White House Uses Data Collected By Journalists to Count Virus Tests
The CDC’s own count of tests is far short of the volunteer project’s number
The Trump administration is using coronavirus testing data from a volunteer tracking project led by journalists, according to a strategy document released by the White House, as one key government health agency significantly lags in counting how many people have been tested.
A widespread national testing program will be essential to lifting restrictions and reopening the country, experts say. But accurate figures on how many tests have been completed in the U.S. have been difficult to come by, making it hard to judge how prepared the nation is to get back to work.
The White House has been relying at least in part on data from the Covid Tracking Project, a volunteer effort to independently collect and track U.S. testing data led by Alexis Madrigal, a journalist at The Atlantic. The data is collected from public-health authorities via official reports as well as news conferences, Twitter and other sources.
The White House didn’t respond to questions about where they obtain data on testing.
The Centers for Disease Control and Prevention, which has a mandate to lead the on-the-ground response to outbreaks of disease in the U.S., pointed to its own website when asked about how closely it tracked testing and what data it has. The CDC website indicates that since March 1, the U.S. has completed nearly 3.2 million tests, and says the data “does not capture all tests performed in the United States.”

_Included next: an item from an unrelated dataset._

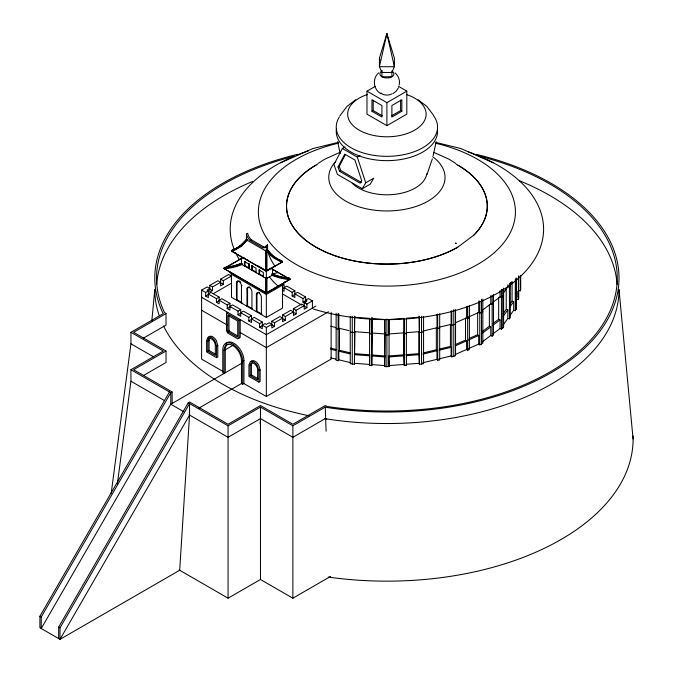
<?xml version="1.0" encoding="UTF-8"?>
<svg xmlns="http://www.w3.org/2000/svg" width="673" height="673" viewBox="0 0 673 673"><rect width="100%" height="100%" fill="white"/><g stroke="black" fill="none" stroke-linecap="round" stroke-linejoin="round"><path stroke-width="1.01" d="M189.559 415.056L60.006 639.35L60.006 627.85L189.559 403.556L189.559 415.056L179.683 570.258L60.006 639.35L39.909 627.749L39.909 616.249L169.461 391.955M260.14 423.83L260.476 418.589L292.873 437.299L325.278 418.589L326.826 418.959M151.837 320.878L154.79 289.516A232.109 134.011 0 0 0 159.089 315.191M111.196 493.301L130.941 343.802L130.941 332.302L163.337 313.601L162.698 312.701A232.109 134.011 0 0 1 297.559 154.336M117.363 483.996L130.941 381.212L130.941 369.713L163.337 351.012L130.941 332.302M436.188 141.658L433.168 155.598M399.139 85.084C400.368 80.718 398.475 75.898 395.16 72.928M350.246 316.562L350.246 363.647L354.435 364.303L354.663 316.209L354.435 332.672L350.246 332.025M354.435 364.303L354.898 331.722M354.435 317.21L369.586 318.363L369.586 365.447L371.757 365.616L371.984 317.53L371.984 332.992L384.956 333.976L384.956 319.549M369.814 318.396L369.586 333.825L371.757 333.993L372.211 331.991M369.586 365.447L369.814 355.824L354.663 354.671M371.757 365.616L372.211 333.034M423.553 316.562L423.553 363.647L419.363 364.303L419.363 317.21L406.383 318.194L406.383 365.288L404.212 365.447L404.212 318.363L389.07 319.515L389.07 366.6L384.729 366.6L385.192 332.975L384.729 334.977L389.07 334.977L388.615 332.975M515.804 294.648L516.687 290.761L516.687 299.384L515.804 303.271M509.798 315.721L513.692 310.295L515.299 310.682L516.427 308.259L516.427 278.672M516.687 299.384L518.42 299.519L518.706 298.265L518.706 275.821M518.681 290.635L520.414 290.77L520.7 289.516L520.7 275.24M432.36 158.845L426.968 174.593M379.429 58.088L386.899 33.65L394.37 58.088L394.37 66.711L391.879 72.465L381.919 72.465L379.429 66.711L379.429 58.088L379.984 60.006M274.433 289.76L275.181 287.935M208.007 338.326L209.295 336.492A7.041 4.063 60 0 1 216.336 340.555L217.791 345.468L217.791 356.968L216.555 357.674L206.603 351.929L206.603 340.429L208.058 337.207A7.041 4.063 60 0 1 215.099 341.27L216.555 346.174L216.555 357.674M345.047 146.941L342.372 148.481L333.968 164.473L337.392 174.357L362.293 188.726L370.301 184.108L373.725 178.177L365.717 182.795L362.293 188.726M338.014 166.997L344.753 154.167L354.932 160.039L361.67 180.65L360.198 183.207L339.486 171.253L338.014 166.997L339.251 166.281L345.51 154.369M242.364 362.907L170.791 404.221L41.238 628.515L41.238 617.015L170.791 392.721L172.128 391.955L172.128 403.455M58.669 638.576L58.669 627.076L188.221 402.791L189.559 402.017L228.071 424.251L260.476 405.55L292.873 424.251L325.278 405.55L327.28 406.475A230.351 132.993 0 0 0 604.034 322.417A230.351 132.993 0 0 0 480.623 156.531M398.517 87.641L396.052 91.326L392.83 93.732M266.777 246.268A7.933 4.585 60 0 1 265.852 246.89L265.49 247.008A7.933 4.585 60 0 1 263.858 246.999L251.408 239.815A7.933 4.585 60 0 1 249.767 237.931L249.405 237.401A7.933 4.585 60 0 1 247.672 233.346L246.427 234.061L246.427 239.815L244.854 242.028M241.8 244.425L246.427 239.092L247.05 239.453L244.551 242.734L240.598 246.116M247.05 240.168L241.22 246.478L232.37 251.466L232.37 250.036L234.019 249.313M229.888 271.892L231.487 274.315L266.34 294.438L282.525 285.091L284.662 281.861M339.764 116.034L346.873 106.519L355.689 99.73M338.822 313.769L338.822 328.205L338.157 329.139L336.138 328.651M336.138 313.189L336.138 360.274L338.157 360.762L338.822 359.828L338.822 351.205L339.495 350.271L339.495 328.315M503.168 293.335L507.846 286.816L507.846 284.755M509.68 284.25L511.186 282.155M503.614 295.354L501.444 297.516L500.056 296.902L492.888 302.303M510.294 286.033L509.461 287.203L507.846 286.816M503.303 313.509L506.231 309.429L506.231 288.524M509.848 304.381L512.077 301.285L512.077 281.415M503.168 316.335L507.846 309.816L506.231 309.429M509.798 307.098L513.692 301.664L512.077 301.285M503.168 324.958L507.846 318.438L507.846 309.816M492.888 333.926L500.056 328.533L501.444 329.147L503.614 326.977L503.614 288.137M507.846 318.438L509.461 318.825L510.294 317.664L510.294 282.946M245.477 240.942L239.31 246.335M378.638 72.928C371.967 78.379 373.389 89.846 380.977 93.732M250.827 361.662L251.618 360.93A7.041 4.063 60 0 1 258.659 364.993L260.123 369.898L260.123 381.398L258.886 382.113L248.926 376.367L248.926 364.867L250.381 361.645A7.041 4.063 60 0 1 257.423 365.708L258.886 370.613L258.886 382.113M315.94 165.179A100.353 57.937 0 0 0 315.94 247.109A100.353 57.937 0 0 0 457.859 247.109L473.842 235.129A100.353 57.937 0 0 0 457.859 165.179M482.23 310.32L490.76 303.902L490.76 295.657M482.844 311.515L479.773 313.281L478.713 312.482L478.713 301.142M493.477 303.515L492.14 304.516L490.76 303.902M482.398 331.537L489.372 326.287L489.372 304.339M493.09 323.486L498.668 319.288L498.668 297.34M482.23 333.32L490.76 326.901L489.372 326.287M492.888 325.303L500.056 319.902L498.668 319.288M482.23 341.943L490.76 335.524L490.76 326.901M477.645 312.735L477.645 334.683L478.713 335.482L478.713 344.113L479.773 344.913L482.844 343.137L482.844 299.14M490.76 335.524L492.14 336.138L493.477 335.137L493.477 294.236M241.22 245.039L237.948 247.235M241.22 245.754L235.609 249.262L232.37 250.751L231.748 250.39L231.748 251.315L266.34 271.286L282.265 262.091L281.642 260.813L281.642 262.251L274.079 258.196L270.487 255.269L266.962 250.953M318.001 163.48L324.756 159.207L340.05 152.325M236.501 248.093L238.57 246.873M398.475 86.329L406.82 91.149L406.82 114.149L386.899 125.649L366.978 114.149L366.978 91.149L375.13 86.447M371.959 111.272L381.919 117.026L381.919 105.526L371.959 99.772L371.959 111.272L373.195 110.557L382.247 115.79M366.978 91.149L386.899 102.649L406.82 91.149M391.551 115.79L400.603 110.557L401.84 111.272L401.84 99.772L391.879 105.526L391.879 117.026L401.84 111.272M342.372 148.481L357.313 157.103L359.979 155.564M339.486 171.253L340.723 170.538L361.435 182.492M232.37 250.036L231.748 250.39L235.609 248.547M233.514 250.087L238.822 247.025M240.598 246.007L242.364 244.98M246.427 234.061A7.933 4.585 60 0 0 248.16 238.116L248.522 238.654A7.933 4.585 60 0 0 250.163 240.53L251.408 239.815M235.289 249.271L237.939 247.74M271.892 268.788L289.996 279.245L266.34 292.898L224.016 268.46L242.213 257.952M225.834 267.61L242.213 258.154M250.163 240.53L262.613 247.714L263.858 246.999M262.613 247.714A7.933 4.585 60 0 0 264.245 247.731L264.607 247.614A7.933 4.585 60 0 0 266.34 245.561L267.585 244.846L267.585 250.592A28.687 16.564 60 0 0 269.907 257.254L270.504 258.575A28.687 16.564 60 0 0 272.548 262.453L272.565 262.487A28.51 16.463 60 0 0 274.929 266.129L274.929 266.331M269.158 252.804L267.585 250.592L266.34 251.315L246.427 239.815M266.962 251.668L267.585 251.315M201.614 290.122L207.107 286.95L209.808 288.507L207.006 290.122L208.352 290.904L208.352 297.609L205.652 296.053L205.652 292.461L201.614 290.122L201.614 359.121L223.125 371.538M209.808 285.394L217.901 280.717L220.593 282.273L212.5 286.95L209.808 285.394L209.808 292.099L212.5 290.543L212.5 286.95M220.593 279.16L228.685 274.491L231.386 276.048L223.293 280.717L220.593 279.16L220.593 285.874L223.293 284.317L223.293 280.717M249.338 268.115L245.056 265.642L244.459 265.986L244.459 261.545L248.741 264.009L249.338 263.665L249.338 268.115L248.741 268.46L248.741 264.009M143.509 338.09L166.012 325.101L166.012 313.601L133.616 332.302L166.012 351.012L166.012 362.511L143.374 375.576M252.35 269.856L251.752 270.201L251.752 265.751L252.35 265.406L252.35 269.856L255.774 271.833M205.652 292.461L208.352 290.904M205.652 296.053L208.352 294.496M213.333 293.655L231.403 283.224M236.467 282.938A3.525 2.036 60 0 1 238.957 281.499A3.525 2.036 60 0 1 241.447 285.806L241.447 303.06L242.044 302.715L237.064 299.838L236.467 300.183L236.467 282.938L237.064 282.593A3.525 2.036 60 0 1 237.796 280.978M259.643 274.071L259.046 274.416L259.046 269.966L259.643 269.621L259.643 274.071L263.067 276.039M256.632 272.329L256.034 272.674L256.034 268.224L251.752 265.751M216.445 298.686L219.146 297.13L219.146 303.834L216.445 302.278L216.445 298.686L208.352 294.017L211.053 292.461L219.146 297.13M266.962 270.008L265.717 270.008M267.837 269.856L270.79 268.148M279.009 260.207L274.929 257.658L282.265 261.89L266.34 271.084L231.748 251.113M241.447 285.806L242.044 285.461M216.445 302.278L219.146 300.722M251.71 308.301L247.563 305.904L246.966 306.249L246.966 288.995L247.563 288.65A3.525 2.036 60 0 1 248.295 287.043M274.601 274.954L278.807 276.241A57.558 47.001 0 0 0 289.373 278.159L289.373 279.598A57.558 47.001 0 0 1 278.807 277.68L271.942 275.392L272.565 274.306L271.942 273.953L273.877 274.828M267.122 278.176L272.565 275.03L272.565 267.122M227.23 304.919L229.93 303.363L229.93 310.068L227.23 308.512L227.23 304.919L219.146 300.242L221.838 298.686L229.93 303.363M227.23 308.512L229.93 306.955M256.388 294.438A3.525 2.036 60 0 1 258.878 292.999A3.525 2.036 60 0 1 261.368 297.306L261.368 314.56L261.965 314.215L256.985 311.338L256.388 311.683L256.388 294.438L256.985 294.093A3.525 2.036 60 0 1 257.709 292.477M226.515 313.113L238.965 320.306L240.202 319.591L240.202 337.4L237.72 338.83L227.76 333.076L226.515 330.923L226.515 313.113L227.752 312.407M266.962 291.821L265.717 291.821M166.012 351.012L133.616 369.713L172.128 391.955M289.373 278.159L289.996 279.438L266.34 293.1L224.016 268.662L224.639 267.383A57.558 47.001 0 0 0 235.205 265.465L240.757 263.681M238.023 311.145L240.724 309.588L240.724 316.293L238.023 314.737L238.023 311.145L229.93 306.476L232.631 304.919L240.724 309.588M282.281 285.588L284.082 284.553L284.082 291.258L282.281 290.223M238.023 314.737L240.724 313.181M282.281 289.188L284.082 288.145M252.543 308.772L251.946 309.126L251.946 291.872A3.525 2.036 60 0 0 249.456 287.556A3.525 2.036 60 0 0 246.966 288.995M248.808 317.378L251.509 315.814L251.509 322.527L248.808 320.971L248.808 317.378L240.724 312.701L243.416 311.145L251.509 315.814M292.175 292.343L294.875 290.778L294.875 297.491L292.175 295.935L292.175 292.343L284.082 287.665L286.782 286.109L294.875 290.778M207.848 341.144A5.283 3.045 60 0 1 211.583 338.99A5.283 3.045 60 0 1 215.318 345.459L215.318 355.521L207.848 351.205L207.848 341.144L209.076 340.437A5.283 3.045 60 0 1 210.169 338.014M227.76 331.049L227.76 315.275L237.72 321.021L237.72 336.794L237.207 337.089L228.282 331.94L227.76 331.049L228.997 330.334L228.997 315.612M228.282 331.94L229.51 331.225L237.552 335.861M248.808 320.971L251.509 319.414M292.175 295.935L294.875 294.379M207.848 351.205L209.076 350.498L215.722 354.326M216.555 346.174L217.791 345.468M231.487 274.315L231.487 297.306L266.34 317.437L282.525 308.091L282.525 285.091M259.601 323.604L262.302 322.047L262.302 328.752L259.601 327.196L259.601 323.604L251.509 318.935L254.209 317.378L262.302 322.047M305.66 297.012L297.567 292.343L294.875 293.899L302.968 298.568L305.66 297.012L305.66 302.816M259.601 327.196L262.302 325.639M302.968 298.568L302.968 302.16L305.66 300.604M271.842 321.206L279.934 316.537L282.635 318.093L274.542 322.762L271.842 321.206L271.842 327.919L274.542 326.355L274.542 322.762M282.635 314.981L290.719 310.303L293.42 311.868L285.327 316.537L282.635 314.981L282.635 321.686L285.327 320.129L285.327 316.537M293.42 308.747L301.512 304.078L304.204 305.635L296.12 310.303L293.42 308.747L293.42 315.46L296.12 313.904L296.12 310.303M312.407 300.907L306.905 304.078L306.905 307.67L304.204 309.227L304.204 302.522L307.006 300.907L305.66 300.124L308.36 298.568L312.407 300.907L312.407 308.091M331.141 312.289L331.141 359.079L266.34 396.498L243.937 383.56L242.701 384.275L242.701 361.275A14.083 8.135 60 0 0 232.74 344.021A14.083 8.135 60 0 0 222.78 349.775L222.78 372.775L224.025 373.49L224.025 350.49L233.363 345.098M266.34 327.499L271.842 324.319L269.141 322.762L266.34 324.378L264.994 323.604L262.302 325.16L266.34 327.499L266.34 396.498M315.847 306.106L266.34 334.683L201.614 297.306M242.701 361.275L243.937 360.56A14.083 8.135 60 0 0 236.551 345.19A14.083 8.135 60 0 0 225.354 344.08M328.441 311.767L266.34 347.621L240.202 332.529M250.171 365.582A5.283 3.045 60 0 1 253.906 363.428A5.283 3.045 60 0 1 257.641 369.898L257.641 379.959L250.171 375.643L250.171 365.582L251.408 364.867A5.283 3.045 60 0 1 252.501 362.453M250.171 375.643L251.408 374.937L258.045 378.764M258.886 370.613L260.123 369.898M198.628 408.275L242.171 383.139M188.221 402.791L228.071 425.799L260.476 407.089L292.873 425.799L325.278 407.089L326.826 407.459A232.109 134.011 0 0 0 606.6 321.248A232.109 134.011 0 0 0 476.24 154.336M260.476 418.589L228.071 437.299L189.037 414.761M179.144 569.947L228.071 598.196L260.476 579.487L292.873 598.196L330.653 576.382M234.986 248.901L237.123 247.731M280.624 162.799L312.869 148.556L338.578 142.281M455.402 322.813L466.591 317.858L467.651 318.657L469.392 317.883M468.324 317.084L478.713 312.482M455.537 324.024L451.776 325.278L451.112 324.344L451.112 310.943M455.276 344.601L465.531 340.058L466.591 340.858L466.591 349.48L467.651 350.28L469.392 349.514L469.392 305.517M469.148 338.452L477.645 334.683M455.402 345.813L466.591 340.858M468.324 340.084L478.713 335.482M455.402 354.435L466.591 349.48M468.324 348.707L478.713 344.113M450.439 324.462L450.439 346.41L451.112 347.344L451.112 355.967L451.776 356.9L455.537 355.647L455.537 309.588M242.07 263.892L241.447 263.53L241.851 263.261L234.583 265.818A57.558 47.001 0 0 1 224.016 267.736L224.639 268.821A57.028 46.563 0 0 0 236.635 266.508L242.07 264.607L242.07 263.892L236.635 265.776M451.112 324.344L439.015 327.238L439.688 328.172L437.669 328.651L436.996 327.717L422.88 331.099L423.553 332.025L419.363 332.672L419.136 316.209L419.363 317.21M423.224 352.921L436.331 349.792L436.996 350.717L436.996 359.348L437.669 360.274L439.688 359.794L439.688 313.736M439.36 349.06L450.439 346.41M422.88 354.099L436.996 350.717M439.015 350.238L451.112 347.344M436.996 359.348L422.88 362.722L423.553 363.647M451.112 355.967L439.015 358.86L439.688 359.794M419.136 331.68L406.156 332.664L406.383 333.665L404.212 333.825L403.758 331.831M404.212 365.447L403.758 354.822L388.615 355.975L389.07 366.6M405.928 354.663L418.909 353.678L419.363 364.303M388.843 356.976L403.985 355.824M406.156 355.664L419.136 354.671M388.843 365.599L403.985 364.455M419.136 363.302L406.156 364.286L406.383 365.288M371.757 318.531L384.729 319.515L384.729 366.6M354.663 331.68L369.814 332.824M354.898 353.678L370.041 354.822M372.211 354.991L385.192 355.975M371.984 355.992L384.956 356.976M354.663 363.302L369.814 364.455M371.984 364.615L384.956 365.599M436.239 142.525L460.929 148.556L493.174 162.799M330.754 326.27L335.793 327.482M338.822 328.205L348.908 330.611M330.418 348.101L336.466 349.548M339.495 350.271L350.583 352.921M330.754 349.27L335.793 350.482M338.822 351.205L349.91 353.855M330.754 357.901L335.793 359.104M338.822 359.828L349.91 362.478M273.255 274.466L277.999 276.199A57.028 46.563 0 0 0 289.996 278.513L289.373 278.883A57.028 46.563 0 0 1 277.377 276.569L271.942 274.668M273.877 275.543L275.223 276.031M273.305 257.103L274.104 257.414M280.616 261.174L282.265 261.89M433.749 152.325L449.042 159.207L455.798 163.48M278.403 259.324L282.265 261.174L281.642 261.536L275.442 258.373M280.616 260.451L276.889 258.516M246.427 240.53L247.05 240.892L247.05 239.453M265.717 251.668L266.34 252.03M280.633 261.149L282.265 262.091M271.892 268.99L289.996 279.438M243.222 257.372L245.006 258.398M246.781 259.425L248.556 260.451M257.448 265.583L263.673 269.175M259.046 269.966L263.328 272.43L263.328 276.881M266.34 278.622L241.447 264.245L241.447 256.346M304.204 302.522L306.905 304.078M302.968 302.16L304.76 303.203M304.204 306.114L306.905 307.67M282.736 294.076L301.613 304.978M293.42 312.339L296.12 313.904M220.593 282.753L223.293 284.317M282.635 318.573L285.327 320.129M209.808 288.986L212.5 290.543M271.842 324.798L274.542 326.355M201.614 310.245L227.138 324.983M166.012 313.601L164.397 312.44A230.351 132.993 0 0 1 293.176 156.531M242.701 384.275L241.456 383.551L241.456 360.551A12.324 7.117 60 0 0 232.74 345.459A12.324 7.117 60 0 0 224.025 350.49M130.941 343.802L153.444 356.791M130.941 369.713L170.791 392.721L170.791 404.221L183.864 411.775M130.941 381.212L164.532 400.612M39.909 616.249L41.238 617.015M58.669 627.076L60.006 627.85M275.442 257.658L277.512 258.869M274.079 256.758L276.065 258.011M276.065 258.735L270.487 254.554L266.962 250.23L266.962 270.723M274.702 257.111L271.598 254.84M418.11 99.73L426.926 106.519L433.277 114.957M273.415 256.177L267.585 249.876L266.34 250.592L265.717 250.23L265.717 270.723M270.487 253.839L267.703 250.634M228.997 330.334L229.51 331.225M339.251 166.281L340.723 170.538M357.313 157.103L365.717 182.795M340.168 153.553L337.61 141.658M633.091 439.015L619.009 289.516A232.109 134.011 0 0 1 324.714 418.631M326.077 431.174L325.278 407.089M520.414 275.467L520.414 290.77M518.42 277.074L518.42 299.519M516.973 291.426L516.973 297.172M516.141 277.89L516.141 309.513M515.299 279.051L515.299 310.682M513.692 301.664L513.692 310.295M509.461 284.107L509.461 318.825M502.773 289.415L502.773 328.146M501.444 289.272L501.444 329.147M500.056 290.719L500.056 296.902M500.056 319.902L500.056 328.533M492.14 295.237L492.14 336.138M481.506 299.325L481.506 344.139M479.773 300.915L479.773 344.913M467.651 306.282L467.651 350.28M466.591 306.518L466.591 317.858M465.531 318.102L465.531 340.058M453.795 309.572L453.795 356.421M451.776 310.842L451.776 356.9M437.669 314.215L437.669 360.274M436.996 314.316L436.996 327.717M436.331 327.835L436.331 349.792M421.534 316.276L421.534 364.135M418.909 331.722L418.909 353.678M403.985 318.396L403.985 332.824L388.843 333.976L388.843 319.549M403.758 332.874L403.758 354.822M400.603 100.109L400.603 110.557M391.879 71.986L391.879 76.772L381.919 76.772A7.041 4.063 0 0 1 381.919 71.027M386.899 102.649L386.899 125.649M386.899 318.909L386.899 366.768M381.919 70.547L381.919 76.772A7.041 4.063 0 0 0 391.879 76.772A7.041 4.063 0 0 0 391.879 71.027M373.195 100.109L373.195 110.557M352.273 316.276L352.273 364.135M338.157 313.668L338.157 360.762M292.873 425.799L292.873 598.196M278.168 272.615L278.168 272.414A30.933 17.86 -60 0 1 275.097 273.28L274.348 273.398A30.933 17.86 -60 0 1 272.17 273.549M278.168 286.269L278.168 286.067A30.933 17.86 60 0 1 269.452 276.83M266.962 292.536L266.962 277.545L265.717 277.545L265.717 292.536M266.34 245.561L266.34 317.437M260.476 407.089L260.476 579.487M256.985 294.093L256.985 311.338M251.408 364.867L251.408 374.937M247.563 288.65L247.563 305.904M245.056 261.2L245.056 265.642M243.937 360.56L243.937 383.56M238.965 320.306L238.965 338.107M237.064 282.593L237.064 299.838M231.386 273.835L231.386 279.64M228.071 425.799L228.071 598.196M225.262 372.775L225.262 349.775A12.324 7.117 60 0 1 227.819 344.139M209.076 340.437L209.076 350.498M633.041 435.944A246.192 142.138 0 0 1 328.256 577.064M308.949 415.746A232.109 134.011 0 0 1 163.539 325.968M156.716 284.435A230.351 132.993 0 0 1 252.51 181.508M519.312 180.692A230.351 132.993 0 0 1 617.082 284.435M238.907 280.877A3.525 2.036 60 0 1 239.554 281.154M240.202 281.625A3.525 2.036 60 0 1 240.799 282.256M249.405 286.942A3.525 2.036 60 0 1 250.053 287.211M258.827 292.376A3.525 2.036 60 0 1 259.475 292.654M225.573 268.275A57.028 46.563 0 0 1 224.016 268.451M236.635 265.785A57.028 46.563 0 0 1 224.639 268.09M289.996 279.236A57.558 47.001 0 0 1 288.439 279.059M285.369 278.605A57.558 47.001 0 0 1 283.855 278.328M267.955 251.5A28.687 16.564 -60 0 1 267.585 250.592M267.585 244.846A7.933 4.585 60 0 1 267.433 245.258M487.025 159.56A156.683 90.46 0 0 1 517.024 279.539A156.683 90.46 0 0 1 313.374 309.025M239.294 259.492A156.683 90.46 0 0 1 235.55 252.56M234.263 249.582A156.683 90.46 0 0 1 294.429 156.119M296.398 155.303A156.683 90.46 0 0 1 308.554 150.802M468.332 151.862A156.683 90.46 0 0 1 485.149 158.677M456.193 164.204A100.395 57.962 0 0 1 473.842 235.129M457.892 247.134A100.395 57.962 0 0 1 315.082 246.646A100.395 57.962 0 0 1 317.606 164.204M432.596 156.641A58.139 33.566 0 0 1 428.693 200.731A58.139 33.566 0 0 1 352.501 204.457A58.139 33.566 0 0 1 335.81 161.377M435.574 143.223A128.518 74.198 0 0 1 488.968 256.985A128.518 74.198 0 0 1 284.83 256.985A128.518 74.198 0 0 1 338.225 143.223M426.842 173.659A40.094 23.151 0 0 1 395.581 194.245A40.094 23.151 0 0 1 352.172 183.224M433.412 115.495A50.66 29.25 0 0 1 388.38 156.321A50.66 29.25 0 0 1 339.293 117.085M406.509 94.54A39.219 22.638 0 0 1 416.94 128.703A39.219 22.638 0 0 1 356.858 128.703A39.219 22.638 0 0 1 367.29 94.54M437.45 129.494A50.66 29.25 0 0 1 386.066 160.645A50.66 29.25 0 0 1 336.483 128.535M391.745 93.942A6.848 3.954 0 0 1 380.968 93.126M386.899 33.65L379.429 66.711L394.37 66.711L386.899 33.65M455.798 243.037L456.05 243.525L455.798 243.037"/></g></svg>

While the CDC website hasn't been updated with tests data since April 24, the Covid Tracking Project shows 4.93 million tests up to that point, higher than the CDC’s tally by more than a million tests. As of Thursday, the project had counted more than 6 million tests.
While the White House has insisted for months that the U.S. has excelled at testing, it has often been difficult to gain a complete picture of national efforts. A document released Monday by the administration outlining a nationwide testing strategy contains a footnote crediting data on the number of tests performed to the journalist-led enterprise, without crediting any other sources of information on testing.
Use of the data is something of a surprise, given Trump’s frequent criticism of the news media, its coverage of the outbreak and of the U.S.’s testing capacity in particular. On Tuesday, Trump said on Twitter that they do “nothing but complain” about the U.S.’s testing performance.
The Covid Tracking Project documents in stark numeric detail the government's failure to test for the disease, inhibiting efforts to contain it. The U.S. didn't exceed 100,000 Americans tested for the disease until March 19, more than eight weeks after the first domestic case was reported.
The president frequently cites numbers of tests at press briefings, without giving a source. It’s possible the White House could be compiling its own counts from state, local and other sources, and relying in part on the Covid Tracking Project’s figures as one of several inputs.
While the White House didn’t respond to requests for comment on where the administration’s data are coming from, it roughly matches up with what the Covid Tracking Project has reported.
The Health and Human Services Department, of which the CDC is a part, said that it pulled testing data from various state, local and health-care sources. “There are of course additional data sets being collected. As it relates to the data reporting on the presentation you reference, we would refer you to the White House,” said a spokeswoman for the department.
On April 17, when the administration announced at a press conference that 3.7 million tests had been conducted, the project reported that close to 3.6 million tests had been conducted. On March 30, when Trump announced the U.S. had hit 1 million tests, the project reported 973,134 tests had been completed.
Madrigal declined to comment on whether the government was using the project’s data.
“I hope all levels of government are using every available data source to try to get their hands around the problem, both internal to government and outside of it,” he said Tuesday.
The CDC said that it was working on getting more data of its own to add.
“We’re working on consolidating the different data streams for testing numbers and hope to have that data on the website soon,” said a CDC spokesperson. The agency declined to comment on where the White House was getting its testing information.
Many nations, including those praised for their response to the pandemic such as South Korea and Iceland, publish comprehensive testing data. So do some U.S. states.
“I would pray that in any future pandemic one of the first things a federal government would do is develop an information flow that goes from cities to states to the federal government over an 18 hour window so you have consistent information," said Howard Forman, director of the health-care management program in the Yale School of Public Health, in an interview earlier this month.
Forman said other countries have done a better job than the U.S. of making testing data available. Other nations have also made public figures such as their numbers on hospitalizations and ICU bed usage.
In the U.S., much of that data is left to the states to disclose. Even states that frequently publish such data collect the testing data from myriad sources, and those sources do not all record or report data with the same level of standardization or diligence. A massive backlog of “pending” test results in California, for example, turned out to be due in large part to many labs simply not reporting negative results to the state. Once those labs changed their reporting, a backlog of 59,000 pending tests shrank to 15,000 overnight.
Although testing has ramped up significantly in recent days, the U.S. is still short of the minimum 500,000 daily tests experts feel the country will need to process daily in order to consider reopening. The data cited by the White House shows that on the most active day, the country was processing just over 300,000 tests. Most days, the number was far below that.